Concrete emotions mentioned above have been represented as integers for annotating emotions. Therefore, 1: Happiness, 2: Sadness, 3: Fear, 4: Anger, 5: Disgust, 6: pos. Surprise, 7: neg. Surprise, 8: Shame, 9: Hope and 10: Other
Emotion. 0 corresponds with the category "No Emotion".

If there is no experiencer and no cue in the headline, the category "No Emotion", respectively, it's numeric indication 0 should be labeled.


### `phase_1b.csv` 

This table includes headlines that were annotated with a concrete emotion by at least one annotator. It has six following columns:

    1. sentenceID
    2. headlines
    3. source
    4. emotion
    5. emotion_2
    6. emotion_aggr

The columns `emotion` and `emotion_2` show the emotion annotations of both annotators. While `emotion_aggr` represents aggregated emotion classes. Matched labels have been automatically taken over to the `emotion_aggr` column.

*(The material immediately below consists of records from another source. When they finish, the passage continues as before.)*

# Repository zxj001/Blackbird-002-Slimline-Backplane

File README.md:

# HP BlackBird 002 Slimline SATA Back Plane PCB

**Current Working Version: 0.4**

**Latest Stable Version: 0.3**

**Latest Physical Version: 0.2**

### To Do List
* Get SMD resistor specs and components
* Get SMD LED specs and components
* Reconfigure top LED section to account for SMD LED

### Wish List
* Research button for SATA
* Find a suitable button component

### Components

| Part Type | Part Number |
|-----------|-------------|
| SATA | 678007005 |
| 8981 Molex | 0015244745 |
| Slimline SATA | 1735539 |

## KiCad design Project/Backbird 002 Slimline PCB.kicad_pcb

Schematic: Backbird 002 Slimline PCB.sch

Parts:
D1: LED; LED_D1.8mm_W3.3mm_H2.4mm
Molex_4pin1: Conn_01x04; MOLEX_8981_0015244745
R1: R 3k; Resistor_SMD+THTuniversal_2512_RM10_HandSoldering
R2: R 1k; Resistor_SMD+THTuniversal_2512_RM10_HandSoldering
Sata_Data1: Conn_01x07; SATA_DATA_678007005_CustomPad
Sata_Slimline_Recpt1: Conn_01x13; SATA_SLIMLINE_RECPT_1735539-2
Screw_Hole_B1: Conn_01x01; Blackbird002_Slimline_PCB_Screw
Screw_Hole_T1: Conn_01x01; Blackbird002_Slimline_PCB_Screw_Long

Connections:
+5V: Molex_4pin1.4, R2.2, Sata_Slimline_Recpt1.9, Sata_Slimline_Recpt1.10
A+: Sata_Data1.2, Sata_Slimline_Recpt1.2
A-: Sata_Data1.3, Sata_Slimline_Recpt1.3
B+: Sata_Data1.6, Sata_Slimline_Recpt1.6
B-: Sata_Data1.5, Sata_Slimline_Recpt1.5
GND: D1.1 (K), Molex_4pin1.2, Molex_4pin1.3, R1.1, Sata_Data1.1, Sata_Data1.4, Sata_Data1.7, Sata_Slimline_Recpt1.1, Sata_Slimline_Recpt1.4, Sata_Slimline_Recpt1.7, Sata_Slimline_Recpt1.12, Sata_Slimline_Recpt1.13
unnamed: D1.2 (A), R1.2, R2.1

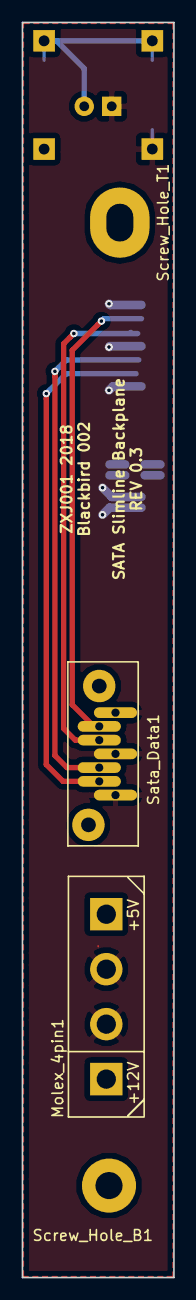
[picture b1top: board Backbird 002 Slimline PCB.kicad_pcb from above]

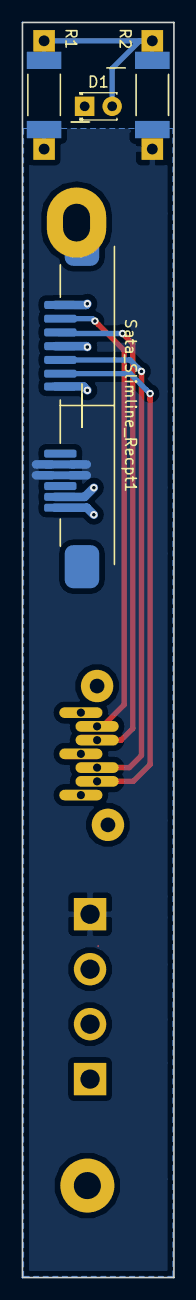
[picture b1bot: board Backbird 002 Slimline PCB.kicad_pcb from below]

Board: 2 copper layers, 14.0 x 116.0 mm, 8 parts (4 on the bottom side), 7 nets.

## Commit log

2018-06-01 Initial commit for a Sata Slimline backpane PCB
2018-06-06 moved files to new folder for organization
2018-06-07 added a spreadsheet to keep track of components
2018-06-07 Removed unused extra libraries folder from project preferences
2018-06-07 Upgraded project to KiCad 5 RC2 nightly build (kicad-20180606-033155.9552e02-c4osx)
2018-06-07 Fixed pinout of Sata data ports to be 7-pin instead of 6
2018-06-07 Annotated schematic
2018-06-08 Added Footprints for Molex Power, Sata Data, and Sata Slimline connectors.
2018-06-08 Added holes for blocking off the LED. Also added an additional connector for power
2018-06-08 First pass at building the PCB using footprints. Fixed Sata Slimeline Recpt footprint by numbering the pins from 1-13 and adding mechanical pads. Made molex 8981 footprint cleaner by adding the notch.
2018-06-08 Updated PSB layout. (might remove extra power and Sata locations) Added custom footprints for screws and for a generic 8981 power pinout.
2018-06-09 Removed extra connectors from PCB
2018-06-10 Fixed Sata Slimline footprint to have pads instead of holes. Moved Sata receptacle to the back side of the PCB
2018-06-10 Added elongated screw hole
2018-06-10 Moved LED and resistors to the back side of the PCB
2018-06-12 Moved silk screen of resistors and LED power holes to be on the PCB.
2018-06-14 Moved top drill hole and Sata Recpt into the correct positions. Edited the pads on the Sata Recpt footprint to be more accurate. Still need to add traces
2018-06-14 Improved trace widths and zone fills
2018-06-17 Connected top components
2018-06-22 Edited receptacle so that the origin of the pads are lower instead of in the center
2018-06-22 remove extra 2 holes for the LED section
2018-06-22 Updated silkscreen to include description
2018-06-23 Fix SATA padding by having the drill in the center of the pad to meet OSHPark's expectations.
2018-07-10 Moved bottom screw hole into correct position
2018-07-10 Changed hole size to 2.5mm from 3mm and total diameter from 6 to 5
2018-07-10 Updated screw hole on the PCB to the new footprint.
2018-07-11 Moved top screw hole closer to edge
2018-07-11 Shrank top (long) screw hole by 0.5mm on each dimension
2018-07-11 Moved 4pin power connector down ~3mm
2018-07-11 Traces are now at least 0.5mm wide. Added more traces for the +5V SATA power connector
2018-07-11 Moved data traces more inward so the power plane isn't cut off
2018-07-11 Added rev 0.3 text
2018-07-11 Refilled power planes. Adjusted traces for SATA connection. Added README file with component part numbers
2018-07-14 Updated README
    Added to-do lists and version numbers.

Additionally, annotators had to jointly discuss cases, that didn't have matched emotion classes. Therefore, they needed decide, which emotion is actually expressed by the headline.

For sentences that were annotated with both "No Emotion" and an emotion, it has been semi-heuristically checked whether the annotations for experiencer or cues (in `phase_1a.csv`) matched. If that was the case, annotated emotion has been adopted.

The class "No Emotion" could also be chosen when the adopted emotion was not appropriate for the headline.

NOTE: The sentence IDs from this file don't correspond with `phase_1a.csv`.


### `phase_2a.csv` 

This file contains five (four during annotation) columns:

    1. sentenceID
    2. tokensID
    3, tokens
    4. BIO
    -------------
    5. BIO2

and only headlines that had been labeled with concrete emotions.

Each sentence was tokenised and represented vertically in the `tokens` column. Hence, `sentenceID` served for separating headlines from each other and is not relational to `phase_1a` and `phase_1b` data tables. The column `tokensID` shows the position of each token in a given headline text. `BIO` and `BIO2` present the annotations of both evaluators for all tokens with IOB scheme. Given the aggregated emotions from `phase_1b.csv` file, annotators needed to annotate the stimulus span.

### `phase_2b.csv` 

This dataset was created by aggregating the token-level annotations of emotion stimuli. It also has a `sentenceID` column, which corresponds to the `phase_2a.csv` file. Accordingly, `tokensID` and `tokens` columns present each token and its position in the text.

To aggregate emotion causes from `phase_2a.csv`, token spans for each sentence that have been annotated by both annotators have been extracted, once they partially matched. Otherwise, annotators jointly discussed the following
cases:

* no overlapping tokens
* less meaningful aggregations

The `tags` column presents aggregated IOB labels for all tokens in the corpus.